## Description of the task
Each entry below should be written out exactly as it is, with no pictures.

## Data listing
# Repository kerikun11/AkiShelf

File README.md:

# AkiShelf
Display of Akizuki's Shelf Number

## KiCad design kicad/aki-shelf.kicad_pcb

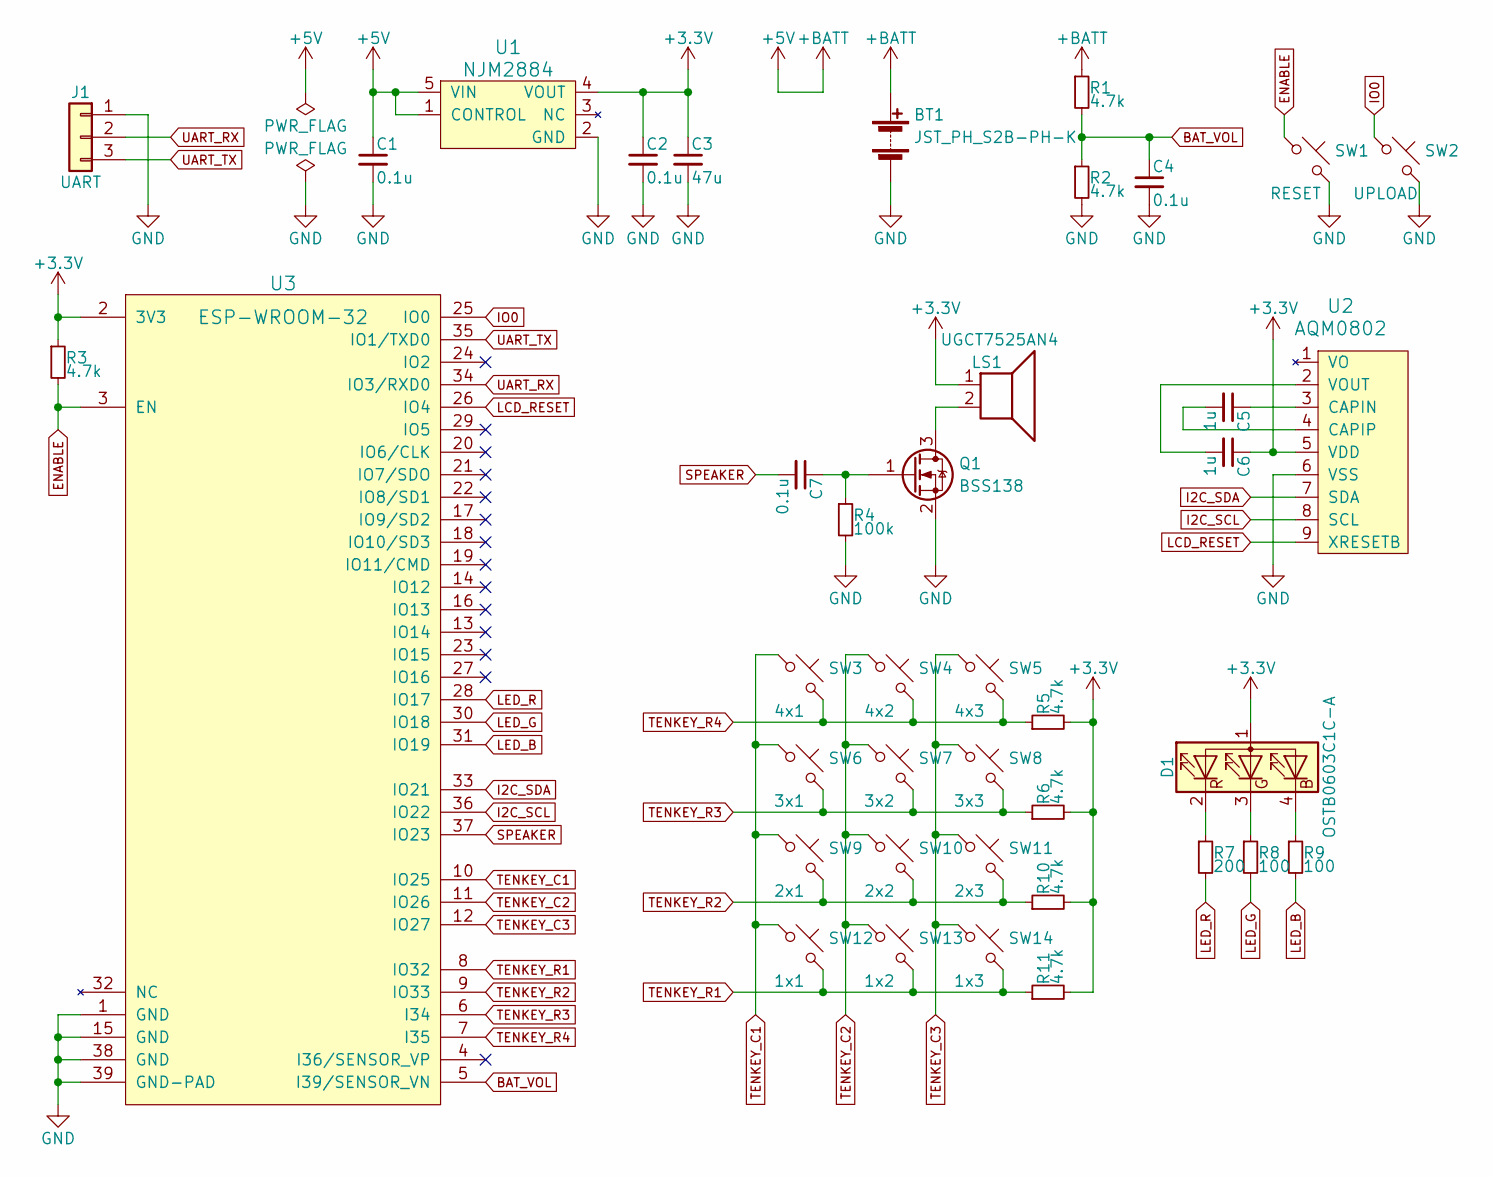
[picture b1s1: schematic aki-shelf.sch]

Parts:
BT1: JST_PH_S2B-PH-K; JST_PH_S2B-PH-K_02x2.00mm_Angled
C1, C2, C4, C7: 0.1u; C_0603
C3: 47u; C_1206
C5, C6: 1u; C_0603
D1: OSTB0603C1C-A
J1: UART; Socket_Strip_Straight_1x03_Pitch2.54mm
LS1: UGCT7525AN4
Q1: BSS138; SOT-23
R1, R2, R3, R5, R6, R10, R11: 4.7k; R_0603
R4: 100k; R_0603
R7: 200; R_0603
R8, R9: 100; R_0603
SW1: RESET; SKRPACE010
SW2: UPLOAD; SKRPACE010
SW3: 4x1; SKRPACE010
SW4: 4x2; SKRPACE010
SW5: 4x3; SKRPACE010
SW6: 3x1; SKRPACE010
SW7: 3x2; SKRPACE010
SW8: 3x3; SKRPACE010
SW9: 2x1; SKRPACE010
SW10: 2x2; SKRPACE010
SW11: 2x3; SKRPACE010
SW12: 1x1; SKRPACE010
SW13: 1x2; SKRPACE010
SW14: 1x3; SKRPACE010
U1: NJM2884; SOT-89-5_Housing
U2: AQM0802; AQM0802A-RN-GBW
U3: ESP-WROOM-32

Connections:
+3V3: C2.1, C3.1, C6.1, D1.1 (A), LS1.1, R3.1, R5.2, R6.2, R10.2, R11.2, U1.4 (VOUT), U2.5 (VDD), U3.2 (3V3)
+5V: BT1.1 (+), C1.1, R1.1, U1.1 (CONTROL), U1.5 (VIN)
BAT_VOL: C4.1, R1.2, R2.1, U3.5 (I39/SENSOR_VN)
ENABLE: R3.2, SW1.1, U3.3 (EN)
GND: BT1.2 (-), C1.2, C2.2, C3.2, C4.2, J1.1, Q1.2 (S), R2.2, R4.2, SW1.2, SW2.2, U1.2 (GND), U2.6 (VSS), U3.1 (GND), U3.15 (GND), U3.38 (GND), U3.39 (GND-PAD)
I2C_SCL: U2.8 (SCL), U3.36 (IO22)
I2C_SDA: U2.7 (SDA), U3.33 (IO21)
IO0: SW2.1, U3.25 (IO0)
LCD_RESET: U2.9 (XRESETB), U3.26 (IO4)
LED_B: R9.2, U3.31 (IO19)
LED_G: R8.2, U3.30 (IO18)
LED_R: R7.2, U3.28 (IO17)
unnamed: C5.1, U2.3 (CAPIN)
unnamed: C5.2, U2.4 (CAPIP)
unnamed: C6.2, U2.2 (VOUT)
unnamed: C7.1, Q1.1 (G), R4.1
unnamed: D1.2 (RK), R7.1
unnamed: D1.3 (GK), R8.1
unnamed: D1.4 (BK), R9.1
unnamed: LS1.2, Q1.3 (D)
SPEAKER: C7.2, U3.37 (IO23)
TENKEY_C1: SW3.1, SW6.1, SW9.1, SW12.1, U3.10 (IO25)
TENKEY_C2: SW4.1, SW7.1, SW10.1, SW13.1, U3.11 (IO26)
TENKEY_C3: SW5.1, SW8.1, SW11.1, SW14.1, U3.12 (IO27)
TENKEY_R1: R11.1, SW12.2, SW13.2, SW14.2, U3.8 (IO32)
TENKEY_R2: R10.1, SW9.2, SW10.2, SW11.2, U3.9 (IO33)
TENKEY_R3: R6.1, SW6.2, SW7.2, SW8.2, U3.6 (I34)
TENKEY_R4: R5.1, SW3.2, SW4.2, SW5.2, U3.7 (I35)
UART_RX: J1.2, U3.34 (IO3/RXD0)
UART_TX: J1.3, U3.35 (IO1/TXD0)

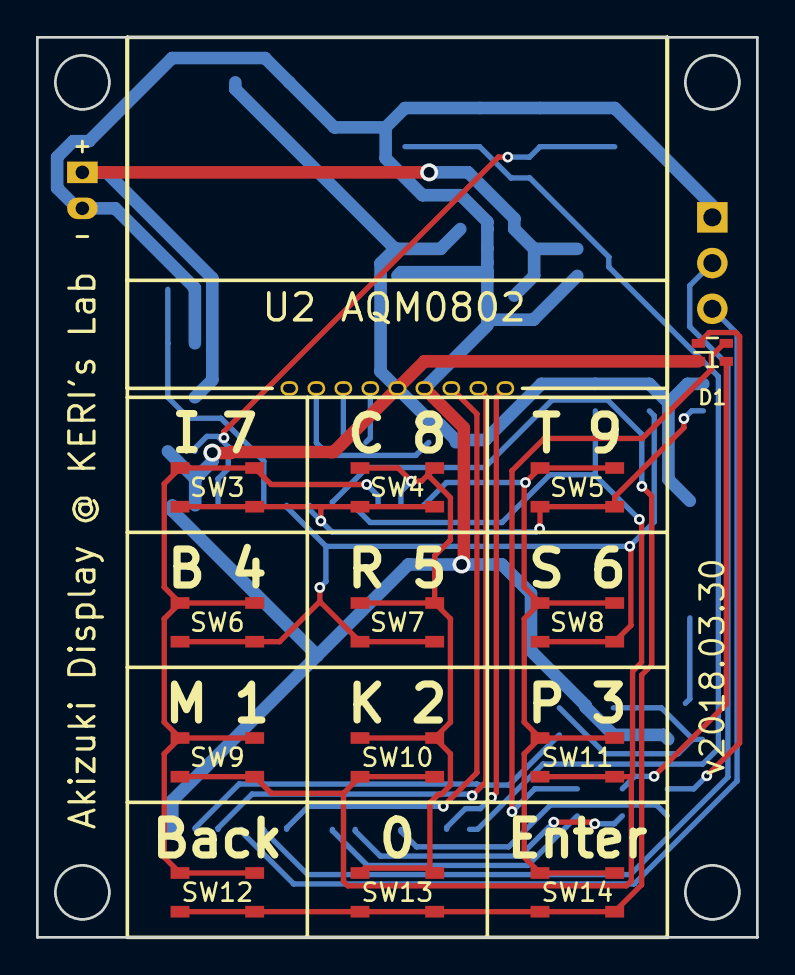
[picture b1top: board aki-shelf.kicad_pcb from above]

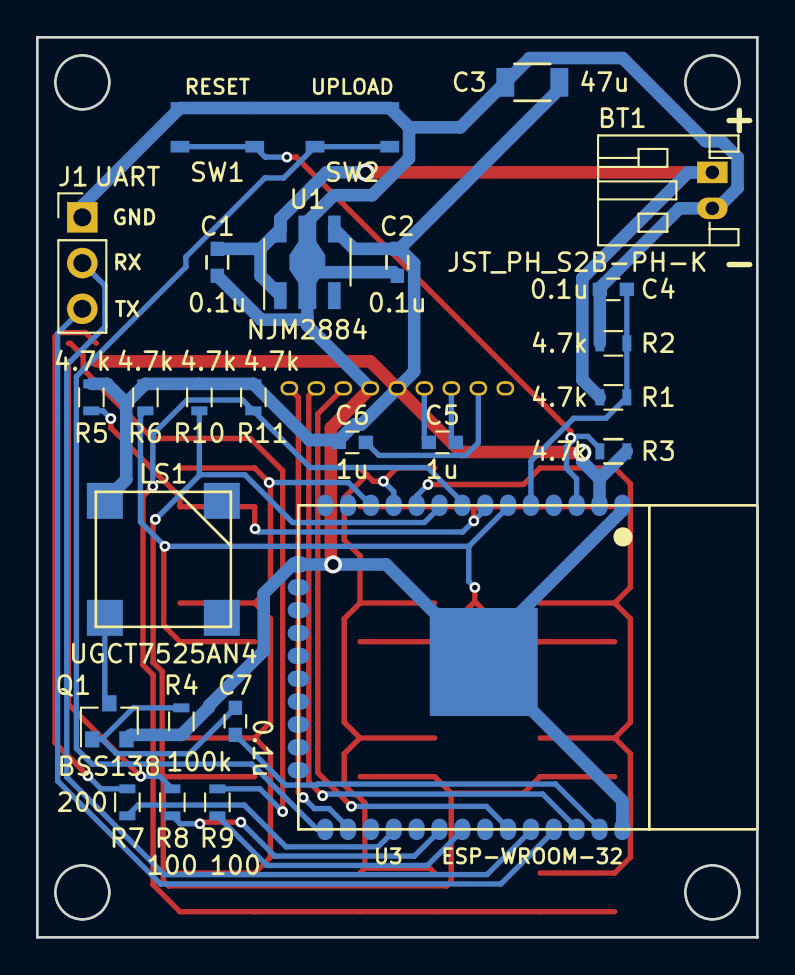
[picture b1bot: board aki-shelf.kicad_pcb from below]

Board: 2 copper layers, 40.0 x 50.0 mm, 40 parts (26 on the bottom side), 30 nets.

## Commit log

2018-02-21 ソースコードを追加
2018-02-21 KiCadファイルを追加
2018-02-22 自動配線を適用
2018-02-22 基板を両面にして小型化
2018-02-24 穴径を3mmに変更
    貼り付けボスが使えるように
2018-02-25 ログ出力を改良
2018-03-10 LEDの点灯コードを追加
2018-04-30 基板を改良
    スイッチの位置，スピーカーの回路など
2023-01-02 リダイレクトのエラーを修正
2023-01-02 platformio.ini を追加
2023-01-02 回路図を追加
2023-01-02 auto sleep

## Reply to the exercise
# Repository kerikun11/AkiShelf

File README.md:

# AkiShelf
Display of Akizuki's Shelf Number

## KiCad design kicad/aki-shelf.kicad_pcb

[picture b1s1: schematic aki-shelf.sch]

Parts:
BT1: JST_PH_S2B-PH-K; JST_PH_S2B-PH-K_02x2.00mm_Angled
C1, C2, C4, C7: 0.1u; C_0603
C3: 47u; C_1206
C5, C6: 1u; C_0603
D1: OSTB0603C1C-A
J1: UART; Socket_Strip_Straight_1x03_Pitch2.54mm
LS1: UGCT7525AN4
Q1: BSS138; SOT-23
R1, R2, R3, R5, R6, R10, R11: 4.7k; R_0603
R4: 100k; R_0603
R7: 200; R_0603
R8, R9: 100; R_0603
SW1: RESET; SKRPACE010
SW2: UPLOAD; SKRPACE010
SW3: 4x1; SKRPACE010
SW4: 4x2; SKRPACE010
SW5: 4x3; SKRPACE010
SW6: 3x1; SKRPACE010
SW7: 3x2; SKRPACE010
SW8: 3x3; SKRPACE010
SW9: 2x1; SKRPACE010
SW10: 2x2; SKRPACE010
SW11: 2x3; SKRPACE010
SW12: 1x1; SKRPACE010
SW13: 1x2; SKRPACE010
SW14: 1x3; SKRPACE010
U1: NJM2884; SOT-89-5_Housing
U2: AQM0802; AQM0802A-RN-GBW
U3: ESP-WROOM-32

Connections:
+3V3: C2.1, C3.1, C6.1, D1.1 (A), LS1.1, R3.1, R5.2, R6.2, R10.2, R11.2, U1.4 (VOUT), U2.5 (VDD), U3.2 (3V3)
+5V: BT1.1 (+), C1.1, R1.1, U1.1 (CONTROL), U1.5 (VIN)
BAT_VOL: C4.1, R1.2, R2.1, U3.5 (I39/SENSOR_VN)
ENABLE: R3.2, SW1.1, U3.3 (EN)
GND: BT1.2 (-), C1.2, C2.2, C3.2, C4.2, J1.1, Q1.2 (S), R2.2, R4.2, SW1.2, SW2.2, U1.2 (GND), U2.6 (VSS), U3.1 (GND), U3.15 (GND), U3.38 (GND), U3.39 (GND-PAD)
I2C_SCL: U2.8 (SCL), U3.36 (IO22)
I2C_SDA: U2.7 (SDA), U3.33 (IO21)
IO0: SW2.1, U3.25 (IO0)
LCD_RESET: U2.9 (XRESETB), U3.26 (IO4)
LED_B: R9.2, U3.31 (IO19)
LED_G: R8.2, U3.30 (IO18)
LED_R: R7.2, U3.28 (IO17)
unnamed: C5.1, U2.3 (CAPIN)
unnamed: C5.2, U2.4 (CAPIP)
unnamed: C6.2, U2.2 (VOUT)
unnamed: C7.1, Q1.1 (G), R4.1
unnamed: D1.2 (RK), R7.1
unnamed: D1.3 (GK), R8.1
unnamed: D1.4 (BK), R9.1
unnamed: LS1.2, Q1.3 (D)
SPEAKER: C7.2, U3.37 (IO23)
TENKEY_C1: SW3.1, SW6.1, SW9.1, SW12.1, U3.10 (IO25)
TENKEY_C2: SW4.1, SW7.1, SW10.1, SW13.1, U3.11 (IO26)
TENKEY_C3: SW5.1, SW8.1, SW11.1, SW14.1, U3.12 (IO27)
TENKEY_R1: R11.1, SW12.2, SW13.2, SW14.2, U3.8 (IO32)
TENKEY_R2: R10.1, SW9.2, SW10.2, SW11.2, U3.9 (IO33)
TENKEY_R3: R6.1, SW6.2, SW7.2, SW8.2, U3.6 (I34)
TENKEY_R4: R5.1, SW3.2, SW4.2, SW5.2, U3.7 (I35)
UART_RX: J1.2, U3.34 (IO3/RXD0)
UART_TX: J1.3, U3.35 (IO1/TXD0)

[picture b1top: board aki-shelf.kicad_pcb from above]

[picture b1bot: board aki-shelf.kicad_pcb from below]

Board: 2 copper layers, 40.0 x 50.0 mm, 40 parts (26 on the bottom side), 30 nets.

## Commit log

2018-02-21 ソースコードを追加
2018-02-21 KiCadファイルを追加
2018-02-22 自動配線を適用
2018-02-22 基板を両面にして小型化
2018-02-24 穴径を3mmに変更
    貼り付けボスが使えるように
2018-02-25 ログ出力を改良
2018-03-10 LEDの点灯コードを追加
2018-04-30 基板を改良
    スイッチの位置，スピーカーの回路など
2023-01-02 リダイレクトのエラーを修正
2023-01-02 platformio.ini を追加
2023-01-02 回路図を追加
2023-01-02 auto sleep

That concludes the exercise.